== Task statement ==
Should a line in the entries below contain "links", return that line.

== Data to examine ==

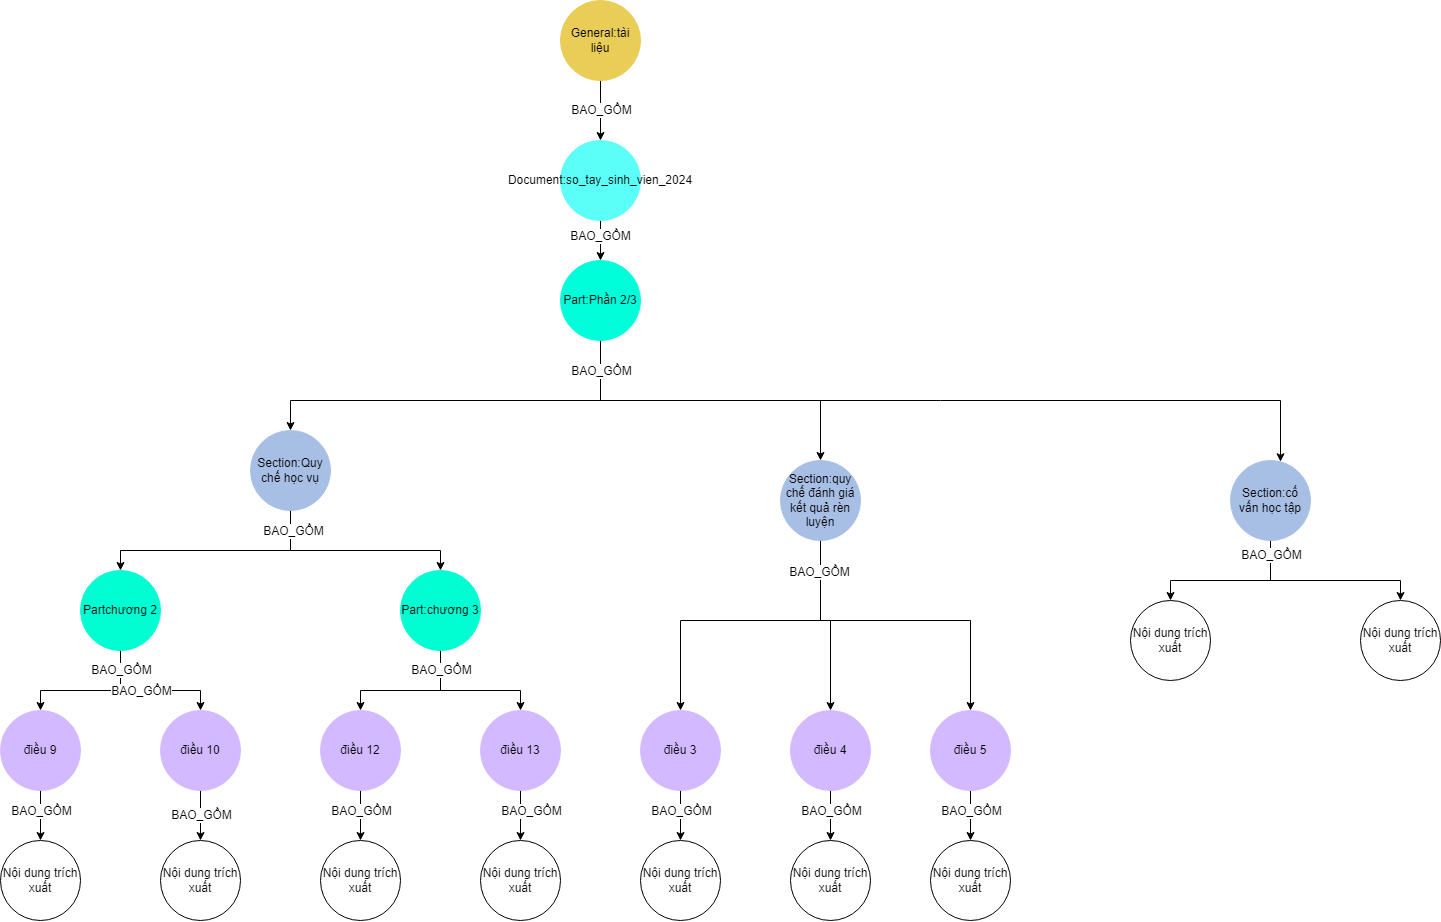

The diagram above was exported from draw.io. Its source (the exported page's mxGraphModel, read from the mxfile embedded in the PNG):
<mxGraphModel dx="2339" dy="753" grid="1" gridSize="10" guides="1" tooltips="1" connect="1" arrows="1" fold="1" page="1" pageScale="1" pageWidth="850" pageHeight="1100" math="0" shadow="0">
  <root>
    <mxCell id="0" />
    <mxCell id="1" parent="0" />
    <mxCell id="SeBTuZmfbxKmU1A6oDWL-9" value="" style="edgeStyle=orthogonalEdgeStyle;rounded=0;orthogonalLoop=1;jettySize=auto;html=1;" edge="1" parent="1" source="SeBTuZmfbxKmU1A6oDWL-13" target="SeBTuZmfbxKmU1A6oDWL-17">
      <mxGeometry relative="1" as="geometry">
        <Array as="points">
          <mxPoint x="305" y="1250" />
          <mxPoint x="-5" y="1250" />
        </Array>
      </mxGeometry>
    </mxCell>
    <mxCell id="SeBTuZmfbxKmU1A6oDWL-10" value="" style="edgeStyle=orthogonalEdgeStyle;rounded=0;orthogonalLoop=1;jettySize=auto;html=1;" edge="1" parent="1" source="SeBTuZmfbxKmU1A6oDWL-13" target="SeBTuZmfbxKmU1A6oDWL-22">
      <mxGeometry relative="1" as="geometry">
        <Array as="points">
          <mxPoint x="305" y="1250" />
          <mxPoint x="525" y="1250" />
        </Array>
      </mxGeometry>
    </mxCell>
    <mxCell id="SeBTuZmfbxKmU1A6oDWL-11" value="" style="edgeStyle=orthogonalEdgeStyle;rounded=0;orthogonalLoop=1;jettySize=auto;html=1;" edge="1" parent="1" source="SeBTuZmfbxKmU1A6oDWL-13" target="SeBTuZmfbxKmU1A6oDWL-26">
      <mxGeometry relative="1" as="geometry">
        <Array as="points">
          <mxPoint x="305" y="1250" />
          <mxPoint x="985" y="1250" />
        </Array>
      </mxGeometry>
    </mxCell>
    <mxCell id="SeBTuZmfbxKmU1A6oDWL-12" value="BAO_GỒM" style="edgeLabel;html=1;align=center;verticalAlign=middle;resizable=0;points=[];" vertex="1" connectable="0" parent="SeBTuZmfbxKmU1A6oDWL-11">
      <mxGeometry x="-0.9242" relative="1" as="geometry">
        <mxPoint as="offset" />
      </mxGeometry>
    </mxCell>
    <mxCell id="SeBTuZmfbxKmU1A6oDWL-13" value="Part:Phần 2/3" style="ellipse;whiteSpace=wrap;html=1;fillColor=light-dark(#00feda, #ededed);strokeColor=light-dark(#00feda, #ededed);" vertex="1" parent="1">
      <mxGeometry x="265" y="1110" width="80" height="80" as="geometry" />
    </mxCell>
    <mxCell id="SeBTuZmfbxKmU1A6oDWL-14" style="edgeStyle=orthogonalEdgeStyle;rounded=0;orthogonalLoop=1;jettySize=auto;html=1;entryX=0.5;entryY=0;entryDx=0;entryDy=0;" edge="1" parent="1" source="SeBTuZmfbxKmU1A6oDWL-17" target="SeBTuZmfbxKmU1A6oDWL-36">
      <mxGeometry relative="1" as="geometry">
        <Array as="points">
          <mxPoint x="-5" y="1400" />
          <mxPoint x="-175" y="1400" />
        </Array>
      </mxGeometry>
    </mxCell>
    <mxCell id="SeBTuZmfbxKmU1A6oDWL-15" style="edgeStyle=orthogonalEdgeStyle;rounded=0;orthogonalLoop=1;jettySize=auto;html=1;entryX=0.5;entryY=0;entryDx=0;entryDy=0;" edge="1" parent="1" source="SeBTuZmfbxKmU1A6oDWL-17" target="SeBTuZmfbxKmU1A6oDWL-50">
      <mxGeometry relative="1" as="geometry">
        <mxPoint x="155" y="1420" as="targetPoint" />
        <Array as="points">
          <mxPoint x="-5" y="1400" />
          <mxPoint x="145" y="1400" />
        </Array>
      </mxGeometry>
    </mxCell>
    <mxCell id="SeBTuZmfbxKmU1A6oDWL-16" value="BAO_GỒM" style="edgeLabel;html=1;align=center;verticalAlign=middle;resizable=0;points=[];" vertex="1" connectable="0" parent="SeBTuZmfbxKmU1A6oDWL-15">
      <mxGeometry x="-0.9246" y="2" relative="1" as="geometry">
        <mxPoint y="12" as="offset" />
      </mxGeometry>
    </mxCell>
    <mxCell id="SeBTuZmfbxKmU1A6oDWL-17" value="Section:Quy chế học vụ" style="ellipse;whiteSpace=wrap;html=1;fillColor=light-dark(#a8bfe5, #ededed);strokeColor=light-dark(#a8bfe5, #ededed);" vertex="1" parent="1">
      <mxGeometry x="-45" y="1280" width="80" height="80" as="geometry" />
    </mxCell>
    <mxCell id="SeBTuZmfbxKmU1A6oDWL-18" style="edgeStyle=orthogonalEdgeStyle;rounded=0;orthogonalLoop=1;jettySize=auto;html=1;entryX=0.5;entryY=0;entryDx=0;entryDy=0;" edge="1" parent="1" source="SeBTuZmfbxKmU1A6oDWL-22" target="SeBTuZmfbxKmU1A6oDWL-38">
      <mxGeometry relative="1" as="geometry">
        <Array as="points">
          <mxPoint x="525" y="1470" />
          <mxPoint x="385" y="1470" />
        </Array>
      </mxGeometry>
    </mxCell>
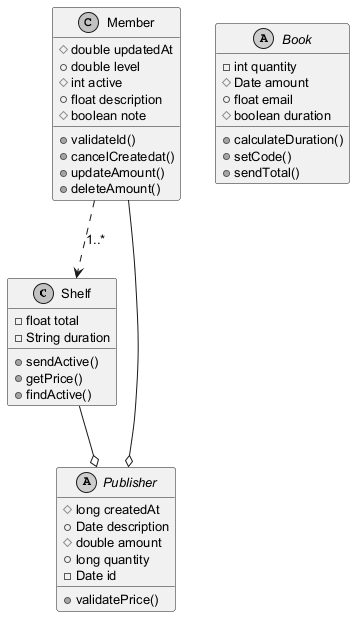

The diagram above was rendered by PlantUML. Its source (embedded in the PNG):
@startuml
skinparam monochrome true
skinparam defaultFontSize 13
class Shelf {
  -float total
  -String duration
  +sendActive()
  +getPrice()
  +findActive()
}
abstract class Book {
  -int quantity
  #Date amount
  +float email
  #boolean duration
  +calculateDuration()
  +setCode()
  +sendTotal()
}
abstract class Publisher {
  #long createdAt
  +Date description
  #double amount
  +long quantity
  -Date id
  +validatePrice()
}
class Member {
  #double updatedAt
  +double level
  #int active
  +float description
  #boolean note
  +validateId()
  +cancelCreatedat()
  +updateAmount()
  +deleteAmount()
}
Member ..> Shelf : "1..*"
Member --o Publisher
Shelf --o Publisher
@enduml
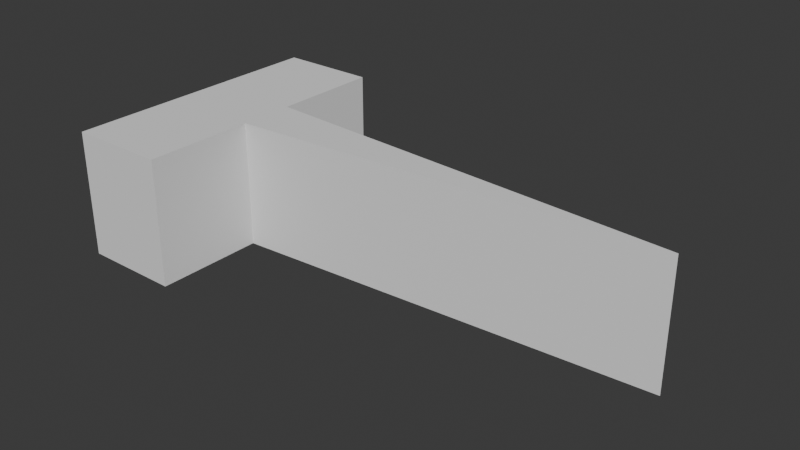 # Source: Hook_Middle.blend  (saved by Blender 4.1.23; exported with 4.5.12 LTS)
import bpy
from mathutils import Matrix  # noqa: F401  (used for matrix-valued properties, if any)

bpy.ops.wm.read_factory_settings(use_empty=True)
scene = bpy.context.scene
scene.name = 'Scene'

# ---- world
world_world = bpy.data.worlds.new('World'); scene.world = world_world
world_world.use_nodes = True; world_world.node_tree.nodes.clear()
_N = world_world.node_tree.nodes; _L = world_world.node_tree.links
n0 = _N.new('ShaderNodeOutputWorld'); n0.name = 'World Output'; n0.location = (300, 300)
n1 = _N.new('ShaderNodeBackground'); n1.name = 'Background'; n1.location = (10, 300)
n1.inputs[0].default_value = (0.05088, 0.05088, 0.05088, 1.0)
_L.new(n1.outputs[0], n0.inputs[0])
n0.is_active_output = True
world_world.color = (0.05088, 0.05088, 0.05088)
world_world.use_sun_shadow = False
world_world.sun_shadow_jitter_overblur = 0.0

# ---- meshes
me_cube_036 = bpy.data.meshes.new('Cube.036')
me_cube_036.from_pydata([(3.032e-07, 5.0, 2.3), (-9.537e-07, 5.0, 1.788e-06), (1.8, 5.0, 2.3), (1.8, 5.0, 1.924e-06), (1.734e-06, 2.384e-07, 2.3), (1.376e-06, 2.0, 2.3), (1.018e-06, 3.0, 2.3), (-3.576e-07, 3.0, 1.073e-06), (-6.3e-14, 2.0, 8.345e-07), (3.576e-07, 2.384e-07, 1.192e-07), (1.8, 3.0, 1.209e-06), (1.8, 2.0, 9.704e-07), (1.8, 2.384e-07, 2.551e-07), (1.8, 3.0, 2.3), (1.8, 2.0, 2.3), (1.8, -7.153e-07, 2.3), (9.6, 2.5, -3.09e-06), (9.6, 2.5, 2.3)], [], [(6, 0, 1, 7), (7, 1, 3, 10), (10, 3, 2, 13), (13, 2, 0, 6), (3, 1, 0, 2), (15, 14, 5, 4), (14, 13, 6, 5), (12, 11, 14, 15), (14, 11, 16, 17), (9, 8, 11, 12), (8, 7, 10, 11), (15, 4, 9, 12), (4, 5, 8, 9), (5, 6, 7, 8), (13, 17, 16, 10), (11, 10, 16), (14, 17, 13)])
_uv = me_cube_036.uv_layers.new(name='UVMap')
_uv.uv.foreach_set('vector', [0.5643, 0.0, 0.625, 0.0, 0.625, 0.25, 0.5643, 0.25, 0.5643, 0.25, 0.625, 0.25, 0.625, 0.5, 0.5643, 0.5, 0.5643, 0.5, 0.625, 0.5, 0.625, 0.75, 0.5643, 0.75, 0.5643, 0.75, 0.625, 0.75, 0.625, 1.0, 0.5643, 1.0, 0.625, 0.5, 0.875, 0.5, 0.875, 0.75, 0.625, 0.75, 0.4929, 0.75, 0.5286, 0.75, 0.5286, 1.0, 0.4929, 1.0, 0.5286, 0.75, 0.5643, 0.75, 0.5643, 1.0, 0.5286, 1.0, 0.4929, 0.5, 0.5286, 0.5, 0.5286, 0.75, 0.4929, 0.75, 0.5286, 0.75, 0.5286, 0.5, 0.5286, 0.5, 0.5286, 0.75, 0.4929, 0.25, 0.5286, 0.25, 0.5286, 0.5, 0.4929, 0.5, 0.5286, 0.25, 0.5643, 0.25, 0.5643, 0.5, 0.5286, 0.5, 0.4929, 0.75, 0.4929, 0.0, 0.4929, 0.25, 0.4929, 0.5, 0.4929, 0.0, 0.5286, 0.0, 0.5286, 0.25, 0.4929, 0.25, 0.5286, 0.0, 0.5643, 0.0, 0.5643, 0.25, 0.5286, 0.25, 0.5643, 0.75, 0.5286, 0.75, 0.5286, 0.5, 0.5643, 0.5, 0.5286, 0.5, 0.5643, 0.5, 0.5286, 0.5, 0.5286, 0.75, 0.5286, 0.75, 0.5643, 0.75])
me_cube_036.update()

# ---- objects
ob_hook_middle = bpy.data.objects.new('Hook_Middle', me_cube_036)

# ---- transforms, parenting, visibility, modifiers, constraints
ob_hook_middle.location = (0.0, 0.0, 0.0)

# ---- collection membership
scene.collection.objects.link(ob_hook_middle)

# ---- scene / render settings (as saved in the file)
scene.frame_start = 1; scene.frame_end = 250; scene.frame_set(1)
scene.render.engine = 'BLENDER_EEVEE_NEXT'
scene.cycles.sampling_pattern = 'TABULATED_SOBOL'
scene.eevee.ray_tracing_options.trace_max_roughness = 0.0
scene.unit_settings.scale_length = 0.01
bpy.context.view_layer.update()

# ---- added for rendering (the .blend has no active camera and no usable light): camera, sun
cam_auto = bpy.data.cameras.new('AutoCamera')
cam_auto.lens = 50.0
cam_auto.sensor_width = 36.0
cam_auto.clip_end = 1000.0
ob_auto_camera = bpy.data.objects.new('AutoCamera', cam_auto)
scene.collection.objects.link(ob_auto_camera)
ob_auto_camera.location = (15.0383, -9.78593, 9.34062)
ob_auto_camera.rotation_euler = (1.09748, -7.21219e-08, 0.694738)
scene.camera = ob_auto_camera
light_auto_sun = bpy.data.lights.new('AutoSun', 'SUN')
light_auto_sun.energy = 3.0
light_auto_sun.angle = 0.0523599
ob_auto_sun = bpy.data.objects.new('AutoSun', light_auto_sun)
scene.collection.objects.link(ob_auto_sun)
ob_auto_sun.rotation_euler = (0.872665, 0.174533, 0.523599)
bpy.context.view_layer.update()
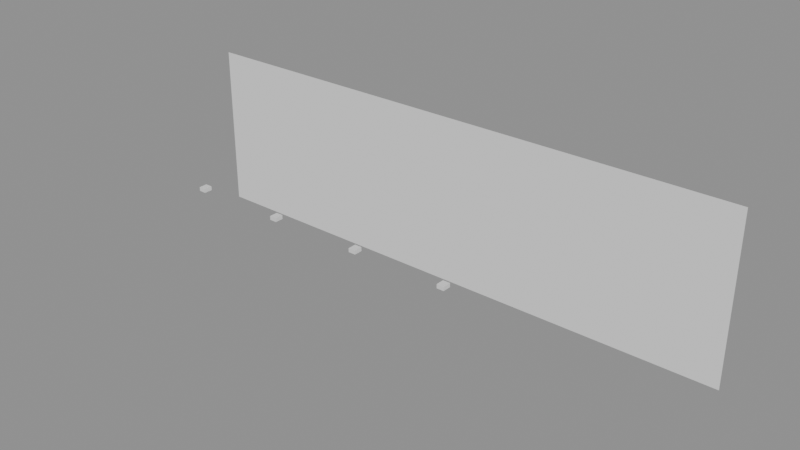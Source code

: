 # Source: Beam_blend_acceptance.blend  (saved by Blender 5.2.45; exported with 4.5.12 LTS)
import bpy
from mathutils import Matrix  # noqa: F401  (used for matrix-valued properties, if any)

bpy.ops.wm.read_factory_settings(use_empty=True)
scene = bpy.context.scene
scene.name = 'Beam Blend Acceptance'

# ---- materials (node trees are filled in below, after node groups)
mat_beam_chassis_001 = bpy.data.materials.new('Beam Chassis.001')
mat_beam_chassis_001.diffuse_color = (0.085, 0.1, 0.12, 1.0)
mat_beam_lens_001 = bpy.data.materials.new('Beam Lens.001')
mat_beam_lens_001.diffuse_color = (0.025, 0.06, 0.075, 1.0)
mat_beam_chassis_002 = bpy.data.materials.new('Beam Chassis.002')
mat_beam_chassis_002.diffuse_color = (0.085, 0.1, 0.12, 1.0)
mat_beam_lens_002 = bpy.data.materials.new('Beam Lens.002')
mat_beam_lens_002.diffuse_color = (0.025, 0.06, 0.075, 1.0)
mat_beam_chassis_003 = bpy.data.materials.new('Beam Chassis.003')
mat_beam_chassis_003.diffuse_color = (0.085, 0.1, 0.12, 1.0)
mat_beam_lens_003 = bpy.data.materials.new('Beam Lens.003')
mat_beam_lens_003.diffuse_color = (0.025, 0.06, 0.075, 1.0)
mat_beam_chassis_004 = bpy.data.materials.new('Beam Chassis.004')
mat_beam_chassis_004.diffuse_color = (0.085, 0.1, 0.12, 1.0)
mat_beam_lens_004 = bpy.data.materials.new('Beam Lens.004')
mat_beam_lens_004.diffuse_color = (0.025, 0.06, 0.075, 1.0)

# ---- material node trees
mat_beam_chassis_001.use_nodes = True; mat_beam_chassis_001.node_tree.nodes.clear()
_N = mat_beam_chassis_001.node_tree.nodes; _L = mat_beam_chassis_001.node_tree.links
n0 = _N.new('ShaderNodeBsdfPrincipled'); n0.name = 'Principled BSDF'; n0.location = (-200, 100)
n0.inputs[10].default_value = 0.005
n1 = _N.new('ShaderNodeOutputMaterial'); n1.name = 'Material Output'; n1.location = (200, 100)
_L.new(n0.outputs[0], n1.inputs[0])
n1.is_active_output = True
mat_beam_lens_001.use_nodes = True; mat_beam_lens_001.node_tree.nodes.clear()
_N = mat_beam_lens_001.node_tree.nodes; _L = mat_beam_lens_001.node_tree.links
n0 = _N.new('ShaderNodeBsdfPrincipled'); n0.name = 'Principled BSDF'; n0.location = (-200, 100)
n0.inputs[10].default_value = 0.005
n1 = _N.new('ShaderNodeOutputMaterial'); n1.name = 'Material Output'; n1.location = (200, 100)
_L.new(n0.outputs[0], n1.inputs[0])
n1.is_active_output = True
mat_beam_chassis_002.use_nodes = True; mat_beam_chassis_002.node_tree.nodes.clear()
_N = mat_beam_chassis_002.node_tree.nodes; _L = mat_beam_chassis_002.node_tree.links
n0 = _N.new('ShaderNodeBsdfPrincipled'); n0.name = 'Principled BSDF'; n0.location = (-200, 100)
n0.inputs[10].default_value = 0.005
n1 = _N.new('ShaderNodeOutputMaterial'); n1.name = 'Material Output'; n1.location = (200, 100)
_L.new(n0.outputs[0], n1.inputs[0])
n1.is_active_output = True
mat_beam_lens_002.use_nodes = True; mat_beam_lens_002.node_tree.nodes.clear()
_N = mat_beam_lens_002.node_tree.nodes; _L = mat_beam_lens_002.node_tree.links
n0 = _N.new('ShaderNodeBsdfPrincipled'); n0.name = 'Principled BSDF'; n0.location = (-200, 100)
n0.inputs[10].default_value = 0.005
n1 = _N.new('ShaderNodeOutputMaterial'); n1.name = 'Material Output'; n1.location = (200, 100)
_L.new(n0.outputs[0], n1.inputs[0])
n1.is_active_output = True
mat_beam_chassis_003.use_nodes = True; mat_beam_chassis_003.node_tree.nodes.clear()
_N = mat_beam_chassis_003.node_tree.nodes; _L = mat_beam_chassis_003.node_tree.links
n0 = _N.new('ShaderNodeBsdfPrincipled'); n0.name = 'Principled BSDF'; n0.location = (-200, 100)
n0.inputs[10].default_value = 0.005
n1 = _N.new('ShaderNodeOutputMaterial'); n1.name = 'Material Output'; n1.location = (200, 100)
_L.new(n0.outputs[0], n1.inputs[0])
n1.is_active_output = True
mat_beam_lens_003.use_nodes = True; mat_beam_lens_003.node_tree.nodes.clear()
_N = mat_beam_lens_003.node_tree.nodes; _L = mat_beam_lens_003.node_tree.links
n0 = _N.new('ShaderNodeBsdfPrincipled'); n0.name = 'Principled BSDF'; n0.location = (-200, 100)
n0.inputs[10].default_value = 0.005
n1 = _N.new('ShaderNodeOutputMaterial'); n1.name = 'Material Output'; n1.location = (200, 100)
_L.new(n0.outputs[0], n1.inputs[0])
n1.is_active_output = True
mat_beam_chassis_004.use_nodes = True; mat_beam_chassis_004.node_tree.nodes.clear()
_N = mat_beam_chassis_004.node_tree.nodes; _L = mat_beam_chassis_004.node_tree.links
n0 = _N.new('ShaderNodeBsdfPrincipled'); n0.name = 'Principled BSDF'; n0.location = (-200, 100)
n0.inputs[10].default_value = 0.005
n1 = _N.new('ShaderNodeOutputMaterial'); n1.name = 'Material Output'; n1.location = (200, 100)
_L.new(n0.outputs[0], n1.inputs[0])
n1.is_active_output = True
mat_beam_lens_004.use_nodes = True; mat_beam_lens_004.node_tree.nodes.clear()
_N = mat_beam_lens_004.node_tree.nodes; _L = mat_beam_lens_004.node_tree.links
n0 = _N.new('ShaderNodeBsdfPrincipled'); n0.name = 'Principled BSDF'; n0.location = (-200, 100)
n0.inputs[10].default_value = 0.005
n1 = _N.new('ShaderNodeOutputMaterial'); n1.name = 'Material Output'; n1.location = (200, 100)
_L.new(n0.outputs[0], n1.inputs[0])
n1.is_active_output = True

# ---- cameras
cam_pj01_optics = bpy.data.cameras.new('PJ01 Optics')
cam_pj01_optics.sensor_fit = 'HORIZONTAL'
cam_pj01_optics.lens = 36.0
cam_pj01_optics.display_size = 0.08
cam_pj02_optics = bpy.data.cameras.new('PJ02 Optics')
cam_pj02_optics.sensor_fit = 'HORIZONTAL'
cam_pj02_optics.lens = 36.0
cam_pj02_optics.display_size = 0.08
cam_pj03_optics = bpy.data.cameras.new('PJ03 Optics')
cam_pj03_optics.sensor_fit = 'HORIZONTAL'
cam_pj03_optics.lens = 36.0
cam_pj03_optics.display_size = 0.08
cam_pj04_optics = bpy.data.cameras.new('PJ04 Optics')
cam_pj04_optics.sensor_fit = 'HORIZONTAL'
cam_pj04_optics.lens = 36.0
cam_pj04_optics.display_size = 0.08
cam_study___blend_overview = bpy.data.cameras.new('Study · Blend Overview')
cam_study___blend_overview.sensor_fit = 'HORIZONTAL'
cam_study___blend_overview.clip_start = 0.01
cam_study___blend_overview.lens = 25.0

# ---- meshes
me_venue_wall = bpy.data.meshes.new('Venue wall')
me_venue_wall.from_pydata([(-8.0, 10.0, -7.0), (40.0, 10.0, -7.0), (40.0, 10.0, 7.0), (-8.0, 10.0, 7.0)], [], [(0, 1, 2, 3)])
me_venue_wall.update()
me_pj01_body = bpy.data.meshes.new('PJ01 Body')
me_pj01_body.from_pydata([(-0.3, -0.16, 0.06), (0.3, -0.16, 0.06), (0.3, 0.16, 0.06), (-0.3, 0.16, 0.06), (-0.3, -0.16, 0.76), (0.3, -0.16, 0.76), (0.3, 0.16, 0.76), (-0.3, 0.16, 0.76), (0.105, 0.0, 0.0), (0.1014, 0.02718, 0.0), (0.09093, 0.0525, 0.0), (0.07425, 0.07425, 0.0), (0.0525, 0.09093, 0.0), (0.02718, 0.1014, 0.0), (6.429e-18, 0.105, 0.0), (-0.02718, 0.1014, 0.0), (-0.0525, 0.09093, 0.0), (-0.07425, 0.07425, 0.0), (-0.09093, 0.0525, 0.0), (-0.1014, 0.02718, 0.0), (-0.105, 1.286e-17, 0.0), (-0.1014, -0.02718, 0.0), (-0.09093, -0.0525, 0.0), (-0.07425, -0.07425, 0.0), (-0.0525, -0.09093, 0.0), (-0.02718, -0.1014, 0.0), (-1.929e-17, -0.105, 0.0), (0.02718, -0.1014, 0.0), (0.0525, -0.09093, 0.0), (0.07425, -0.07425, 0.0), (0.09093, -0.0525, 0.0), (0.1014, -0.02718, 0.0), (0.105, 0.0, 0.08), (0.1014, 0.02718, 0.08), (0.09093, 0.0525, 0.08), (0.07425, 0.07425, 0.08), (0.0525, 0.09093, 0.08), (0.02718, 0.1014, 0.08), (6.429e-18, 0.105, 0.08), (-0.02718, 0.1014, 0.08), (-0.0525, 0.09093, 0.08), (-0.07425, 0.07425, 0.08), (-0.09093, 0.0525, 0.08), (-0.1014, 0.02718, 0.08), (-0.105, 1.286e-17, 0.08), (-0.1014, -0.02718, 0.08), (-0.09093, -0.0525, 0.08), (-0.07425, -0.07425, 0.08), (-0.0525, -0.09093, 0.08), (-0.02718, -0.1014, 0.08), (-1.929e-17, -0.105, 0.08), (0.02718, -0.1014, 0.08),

== Task output ==
_N = world_world.node_tree.nodes; _L = world_world.node_tree.links
_N = mat_beam_chassis_001.node_tree.nodes; _L = mat_beam_chassis_001.node_tree.links
_N = mat_beam_lens_001.node_tree.nodes; _L = mat_beam_lens_001.node_tree.links
_N = mat_beam_chassis_002.node_tree.nodes; _L = mat_beam_chassis_002.node_tree.links
_N = mat_beam_lens_002.node_tree.nodes; _L = mat_beam_lens_002.node_tree.links
_N = mat_beam_chassis_003.node_tree.nodes; _L = mat_beam_chassis_003.node_tree.links
_N = mat_beam_lens_003.node_tree.nodes; _L = mat_beam_lens_003.node_tree.links
_N = mat_beam_chassis_004.node_tree.nodes; _L = mat_beam_chassis_004.node_tree.links
_N = mat_beam_lens_004.node_tree.nodes; _L = mat_beam_lens_004.node_tree.links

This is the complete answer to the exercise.